I showed that the accusation "hates the US" is an simplistic and empty claim
without details. Provide some evidence of this hate. Of course I don't accept
claims of patriotism uncritically. I listen, and understand, and then judge.
You should try it.

You fail to admit your error in trusting Trump's claim about polls and resort
instead to profane insults. You don't like their politics, fine. Criticize
that.

How about proving you're not such a big Trump supporter. What don't you like?
You downplay his racism, repeat his claims, and puff up his resume. Or is that
just defensiveness?

Regarding censorship and gestapo tactics - I was not aware that the left was
constantly denigrating and the free press and occasionally threatening it. I
wasn't aware that the left was caging people without trial.

I will give you one thing. Hate of Trump is indeed off the charts. He's blamed
for everything under the sun and some of it is ridiculous. Of course that's
irritating. You must realize that Obama experienced it too. Irrational
partisans should be ignored. They are uninterested in rational discourse.

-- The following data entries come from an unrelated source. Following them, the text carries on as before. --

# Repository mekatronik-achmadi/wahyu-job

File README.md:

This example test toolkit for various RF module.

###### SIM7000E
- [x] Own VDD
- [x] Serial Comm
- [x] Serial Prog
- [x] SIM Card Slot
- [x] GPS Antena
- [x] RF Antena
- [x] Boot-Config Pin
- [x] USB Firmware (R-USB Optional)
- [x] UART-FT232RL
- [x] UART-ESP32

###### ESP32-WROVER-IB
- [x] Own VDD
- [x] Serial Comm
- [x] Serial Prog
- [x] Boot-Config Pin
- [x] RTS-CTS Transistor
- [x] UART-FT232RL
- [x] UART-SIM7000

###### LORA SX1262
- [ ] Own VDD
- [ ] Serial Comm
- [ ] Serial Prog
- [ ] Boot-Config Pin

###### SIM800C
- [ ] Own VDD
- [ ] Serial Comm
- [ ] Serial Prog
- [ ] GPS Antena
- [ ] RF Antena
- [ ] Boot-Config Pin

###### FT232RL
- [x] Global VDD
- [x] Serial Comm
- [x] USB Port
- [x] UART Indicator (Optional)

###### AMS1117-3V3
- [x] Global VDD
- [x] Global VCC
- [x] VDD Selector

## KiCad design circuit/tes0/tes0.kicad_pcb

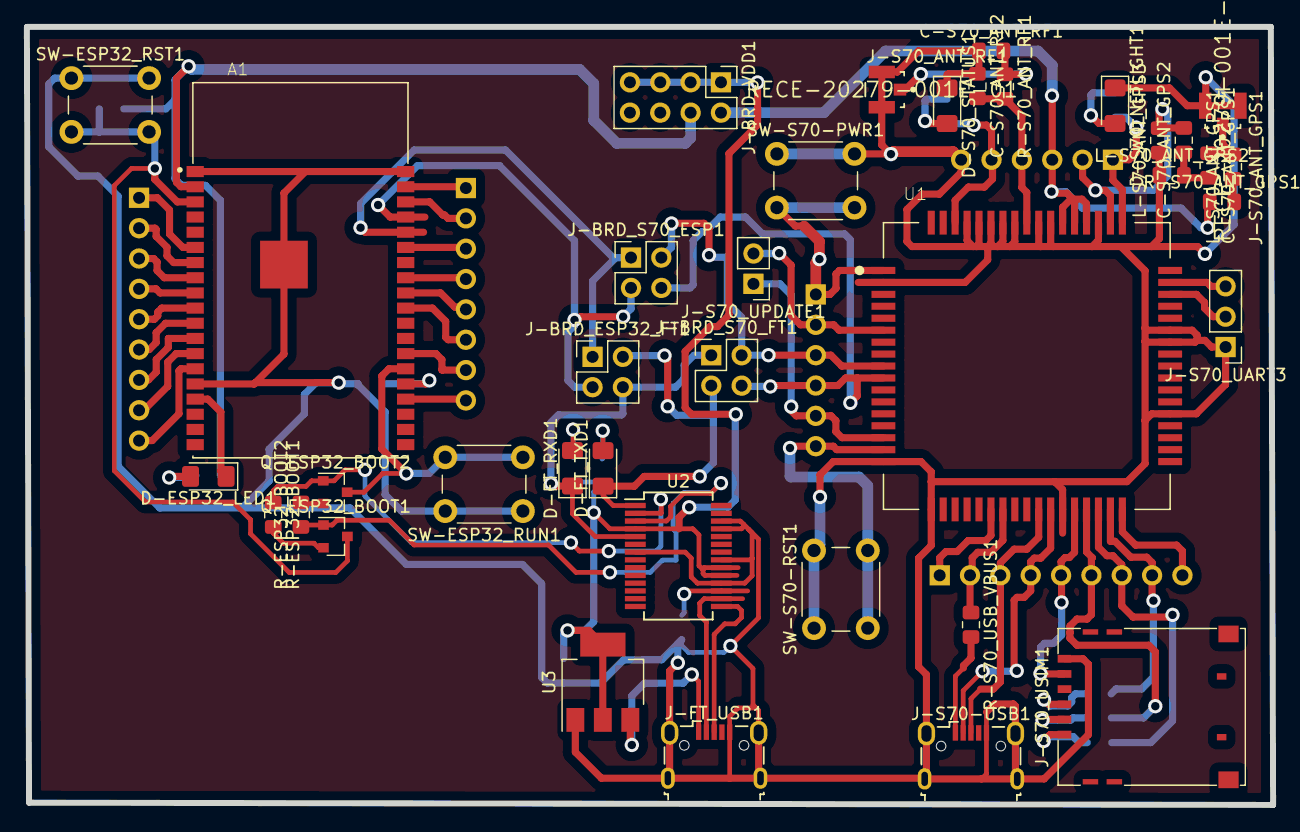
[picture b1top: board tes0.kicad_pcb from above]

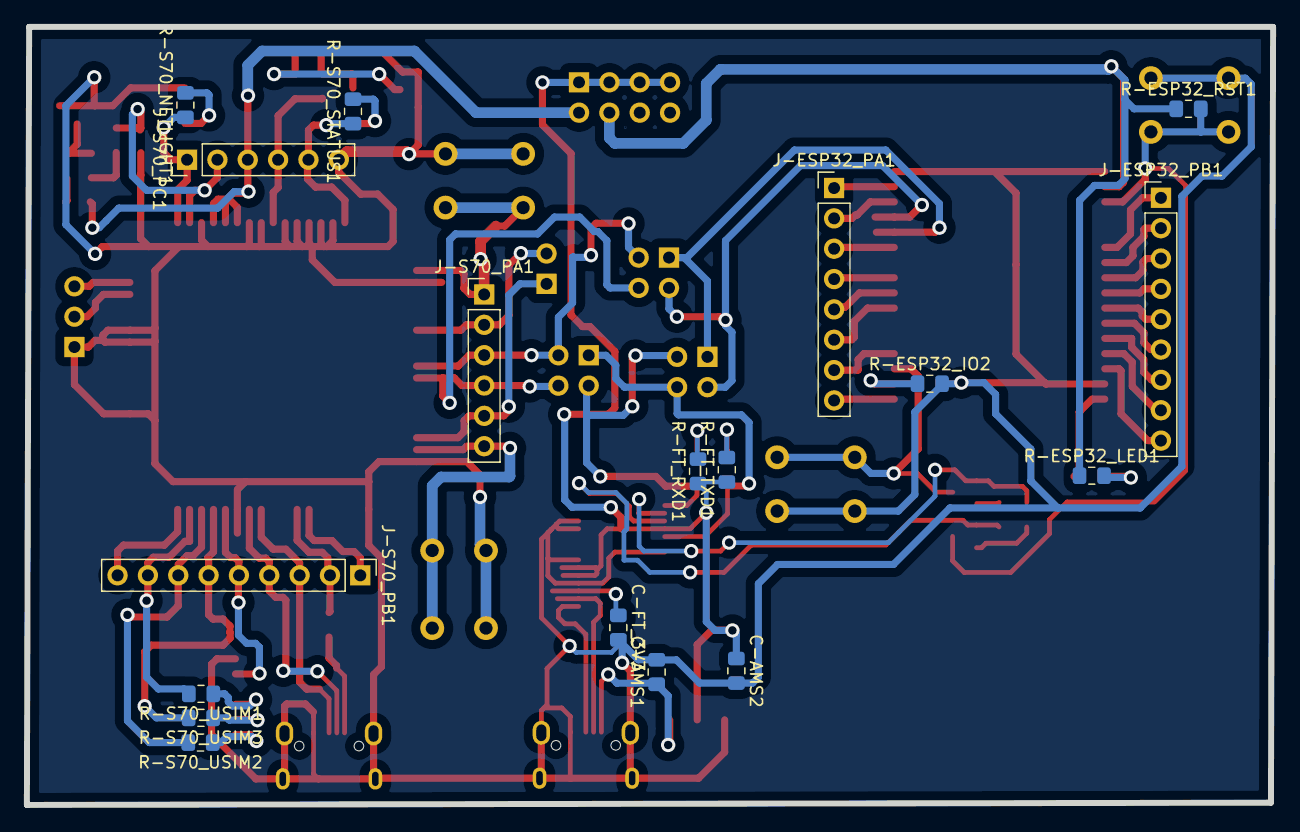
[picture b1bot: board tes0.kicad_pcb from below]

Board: 2 copper layers, 104.3 x 65.1 mm, 56 parts (18 on the bottom side), 71 nets.

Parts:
A1: ESP32-WROVER-I; XCVR_ESP32-WROVER-I
C-AMS1, C-AMS2: 100nF; C_0805_2012Metric_Pad1.15x1.40mm_HandSolder
C-FT_3V3: 100nF; C_0805_2012Metric_Pad1.15x1.40mm_HandSolder
C-S70_ANT_GPS1, C-S70_ANT_GPS2: 33pF; C_0805_2012Metric_Pad1.15x1.40mm_HandSolder
C-S70_ANT_RF1, C-S70_ANT_RF2: C; C_0805_2012Metric_Pad1.15x1.40mm_HandSolder
D-ESP32_LED1: LED; LED_1206_3216Metric_Pad1.42x1.75mm_HandSolder
D-FT_RXD1: LED; LED_1206_3216Metric_Pad1.42x1.75mm_HandSolder
D-FT_TXD1: LED; LED_1206_3216Metric_Pad1.42x1.75mm_HandSolder
D-S70_NETLIGHT1, D-S70_STATUS1: LED; LED_1206_3216Metric_Pad1.42x1.75mm_HandSolder
J-BRD_ESP32_FT1: Conn_02x02_Odd_Even; PinHeader_2x02_P2.54mm_Vertical
J-BRD_S70_ESP1, J-BRD_S70_FT1: Conn_02x02_Odd_Even; PinHeader_2x02_P2.54mm_Vertical
J-BRD_VDD1: Conn_02x04_Odd_Even; PinHeader_2x04_P2.54mm_Vertical
J-ESP32_PA1: Conn_01x08; PinHeader_1x08_P2.54mm_Vertical
J-ESP32_PB1: Conn_01x09; PinHeader_1x09_P2.54mm_Vertical
J-FT_USB1: USB_B_Micro; USB_Micro-B_Wuerth_629105150521
J-S70-USB1: USB_B_Micro; USB_Micro-B_Wuerth_629105150521
J-S70_ANT_GPS1, J-S70_ANT_RF1: RECE-20279-001E-01; Taoglas-RECE-20279-001E-01-MFG
J-S70_PA1, J-S70_PC1: Conn_01x06; PinHeader_1x06_P2.54mm_Vertical
J-S70_PB1: Conn_01x09; PinHeader_1x09_P2.54mm_Vertical
J-S70_UART3: Conn_01x03; PinHeader_1x03_P2.54mm_Vertical
J-S70_UPDATE1: Conn_01x02; PinHeader_1x02_P2.54mm_Vertical
J-S70_USIM1: SIM_Card; microSIM_JAE_SF53S006VCBR2000
L-S70_ANT_GPS1: 47nH; L_0805_2012Metric_Pad1.15x1.40mm_HandSolder
L-S70_ANT_GPS2, L-S70_ANT_GPS3: L; L_0805_2012Metric_Pad1.15x1.40mm_HandSolder
Q-ESP32_BOOT1, Q-ESP32_BOOT2: 2N3904; SOT-23
R-ESP32_BOOT1, R-ESP32_BOOT2: 100; R_0805_2012Metric_Pad1.15x1.40mm_HandSolder
R-ESP32_IO2, R-ESP32_RST1: 10K; R_0805_2012Metric_Pad1.15x1.40mm_HandSolder
R-ESP32_LED1: 330; R_0805_2012Metric_Pad1.15x1.40mm_HandSolder
R-FT_RXD1: 330; R_0805_2012Metric_Pad1.15x1.40mm_HandSolder
R-FT_TXD1: 330; R_0805_2012Metric_Pad1.15x1.40mm_HandSolder
R-S70_ANT_GPS1: 10; R_0805_2012Metric_Pad1.15x1.40mm_HandSolder
R-S70_ANT_RF1, R-S70_USB_VBUS1: 0; R_0805_2012Metric_Pad1.15x1.40mm_HandSolder
R-S70_NETLIGHT1, R-S70_STATUS1: 330; R_0805_2012Metric_Pad1.15x1.40mm_HandSolder
R-S70_USIM1, R-S70_USIM2, R-S70_USIM3: 22; R_0805_2012Metric_Pad1.15x1.40mm_HandSolder
SW-ESP32_RST1, SW-ESP32_RUN1: SW_Push; SW_PUSH_6mm
SW-S70-PWR1, SW-S70-RST1: SW_Push; SW_PUSH_6mm
U1: SIM7000E; SIMCON_SIM7000E
U2: FT232RL; SSOP-28_5.3x10.2mm_P0.65mm
U3: AMS1117-3.3; SOT-223-3_TabPin2

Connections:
/ESP32_BOOT: A1.25, Q-ESP32_BOOT2.3, SW-ESP32_RUN1.2
/ESP32_IO4: A1.26, J-ESP32_PA1.7
/ESP32_IO5: A1.29, J-ESP32_PA1.6
/ESP32_IO12: A1.14, J-ESP32_PB1.9
/ESP32_IO14: A1.13, J-ESP32_PB1.8
/ESP32_IO15: A1.23, J-ESP32_PA1.8
/ESP32_IO18: A1.30, J-ESP32_PA1.5
/ESP32_IO19: A1.31, J-ESP32_PA1.4
/ESP32_IO21: A1.33, J-ESP32_PA1.3
/ESP32_IO22: A1.36, J-ESP32_PA1.2
/ESP32_IO23: A1.37, J-ESP32_PA1.1
/ESP32_IO25: A1.10, J-ESP32_PB1.5
/ESP32_IO26: A1.11, J-ESP32_PB1.6
/ESP32_IO27: A1.12, J-ESP32_PB1.7
/ESP32_IO32: A1.8, J-ESP32_PB1.3
/ESP32_IO33: A1.9, J-ESP32_PB1.4
/ESP32_IO34: A1.6, J-ESP32_PB1.1
/ESP32_IO35: A1.7, J-ESP32_PB1.2
/ESP32_LED: A1.16, D-ESP32_LED1.1
/ESP32_RST: A1.3, Q-ESP32_BOOT1.3, R-ESP32_RST1.2, SW-ESP32_RST1.2
/ESP32_RXD: A1.34, J-BRD_ESP32_FT1.1, J-BRD_S70_ESP1.1
/ESP32_TXD: A1.35, J-BRD_ESP32_FT1.3, J-BRD_S70_ESP1.3
/ESP32_VDD: A1.2, J-BRD_VDD1.4, R-ESP32_LED1.1, R-ESP32_RST1.1
/FT_DTR: Q-ESP32_BOOT2.1, R-ESP32_BOOT1.1, U2.2
/FT_RTS: Q-ESP32_BOOT1.1, R-ESP32_BOOT2.1, U2.3
/FT_RXD: D-FT_RXD1.1, J-BRD_ESP32_FT1.4, J-BRD_S70_FT1.1, U2.5
/FT_TXD: D-FT_TXD1.1, J-BRD_ESP32_FT1.2, J-BRD_S70_FT1.3, U2.1
/S70_ANT_GPS: C-S70_ANT_GPS2.2, J-S70_PC1.2, L-S70_ANT_GPS3.2, U1.53
/S70_ANT_RF: C-S70_ANT_RF2.2, J-S70_PC1.4, R-S70_ANT_RF1.2, U1.60
/S70_BOOTCFG: J-S70_PA1.2, J-S70_UPDATE1.2, U1.6
/S70_GPIO0: J-S70_UART3.3, U1.50
/S70_GPIO1: J-S70_UART3.2, U1.49
/S70_MDMLOG_TX: J-S70_PB1.1, U1.23
/S70_NETLIGHT: J-S70_PC1.1, R-S70_NETLIGHT1.1, U1.52
/S70_NRST: J-S70_PA1.6, SW-S70-RST1.2, U1.16
/S70_PWRKEY: J-S70_PA1.1, SW-S70-PWR1.2, U1.1
/S70_RXD: J-BRD_S70_ESP1.4, J-BRD_S70_FT1.4, J-S70_PA1.4, U1.10
/S70_STATUS: J-S70_PC1.5, R-S70_STATUS1.1, U1.66
/S70_TXD: J-BRD_S70_ESP1.2, J-BRD_S70_FT1.2, J-S70_PA1.3, U1.9
/S70_USB_DM: J-S70-USB1.2, J-S70_PB1.4, U1.28
/S70_USB_DP: J-S70-USB1.3, J-S70_PB1.3, U1.27
/S70_USB_VBUS: J-S70_PB1.2, R-S70_USB_VBUS1.1, U1.24
/S70_USIM_CLK: J-S70_PB1.7, R-S70_USIM2.2, U1.32
/S70_USIM_DATA: J-S70_PB1.6, R-S70_USIM3.2, U1.31
/S70_USIM_DET: J-S70_PB1.9, U1.34
/S70_USIM_RST: J-S70_PB1.8, R-S70_USIM1.2, U1.33
/S70_USIM_VDD: J-S70_PB1.5, J-S70_USIM1.1, U1.30
/S70_VDD: J-BRD_VDD1.2, J-S70_PC1.3, R-S70_ANT_GPS1.1, U1.55, U1.56, U1.57
/S70_VDDEXT: J-S70_PA1.5, J-S70_UPDATE1.1, U1.15
GND: A1.1, A1.15, A1.38, A1.39, C-AMS1.2, C-AMS2.2, C-FT_3V3.2, C-S70_ANT_RF1.1, C-S70_ANT_RF2.1, D-S70_NETLIGHT1.1, D-S70_STATUS1.1, J-FT_USB1.5, J-FT_USB1.6, J-S70-USB1.5, J-S70-USB1.6, J-S70_ANT_GPS1.2, J-S70_ANT_GPS1.3, J-S70_ANT_RF1.2, J-S70_ANT_RF1.3, J-S70_PC1.6, J-S70_UART3.1, J-S70_USIM1.5, L-S70_ANT_GPS2.1, L-S70_ANT_GPS3.1, R-ESP32_IO2.2, SW-ESP32_RST1.1, SW-ESP32_RUN1.1, SW-S70-PWR1.1, SW-S70-RST1.1, U1.2, U1.17, U1.18, U1.29, U1.39, U1.45, U1.46, U1.54, U1.58, U1.59, U1.61, U1.62, U1.63, U1.64, U1.65, U2.7, U2.18, U2.21, U2.25, U2.26, U3.1
unnamed: A1.24, R-ESP32_IO2.1
unnamed: C-FT_3V3.1, U2.17
unnamed: C-S70_ANT_GPS1.1, J-S70_ANT_GPS1.1, L-S70_ANT_GPS1.2
unnamed: C-S70_ANT_GPS1.2, C-S70_ANT_GPS2.1, L-S70_ANT_GPS2.2
unnamed: C-S70_ANT_RF1.2, J-S70_ANT_RF1.1, R-S70_ANT_RF1.1
unnamed: D-ESP32_LED1.2, R-ESP32_LED1.2
unnamed: D-FT_RXD1.2, R-FT_TXD1.2
unnamed: D-FT_TXD1.2, R-FT_RXD1.2
unnamed: D-S70_NETLIGHT1.2, R-S70_NETLIGHT1.2
unnamed: D-S70_STATUS1.2, R-S70_STATUS1.2
unnamed: J-FT_USB1.2, U2.16
unnamed: J-FT_USB1.3, U2.15
unnamed: J-S70-USB1.1, R-S70_USB_VBUS1.2
unnamed: J-S70_USIM1.2, R-S70_USIM1.1
unnamed: J-S70_USIM1.3, R-S70_USIM2.1
unnamed: J-S70_USIM1.7, R-S70_USIM3.1
unnamed: L-S70_ANT_GPS1.1, R-S70_ANT_GPS1.2
unnamed: Q-ESP32_BOOT1.2, R-ESP32_BOOT1.2
unnamed: Q-ESP32_BOOT2.2, R-ESP32_BOOT2.2
VCC: C-AMS1.1, J-FT_USB1.1, U3.3
VDD: C-AMS2.1, J-BRD_VDD1.1, J-BRD_VDD1.3, J-BRD_VDD1.5, J-BRD_VDD1.7, R-FT_RXD1.1, R-FT_TXD1.1, U2.4, U2.19, U2.20, U3.2

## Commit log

2020-10-22 init
2020-10-22 init readme
2020-10-22 sim7000e basic
2020-10-22 sim7000e minus antena
2020-10-23 add FT232RL
2020-10-24 update ikut skematik datasheet
2020-10-25 new lib
2020-10-25 basic ESP32+SIM7000

Trump's racism is a complicated thing. He's not a neo-nazi style racist who
openly proclaims his white supremacy. He seems to like and admire many
successful black folk. He may not even believe in the inherent superiority of
all whites, so I understand anger over simplistic attacks that assume racism
is a binary. It is not.

Don't you see though, that Trump uses the coded language of racism? The dog
whistles, the disclaimers of _modern_ racism? Most Republicans now accept that
overt racism is widely reviled and so those few who _are_ very racist or the
many that pander to racists, have learned a coded, subtler style. Trump is
testing the boundaries to see how close he can come to old-school overt racism
without more of his own party turning against him.

Don't let a reaction to the worst elements of the left force you into a box.
You may be surprised that when you get past the surface noise, there is much
of value to be gained by understanding the full worldview, the values and
assumptions of the other side. You may not agree, but at least you'll be
judging based on substance, not an uncritical acceptance of claims made by
right wingers.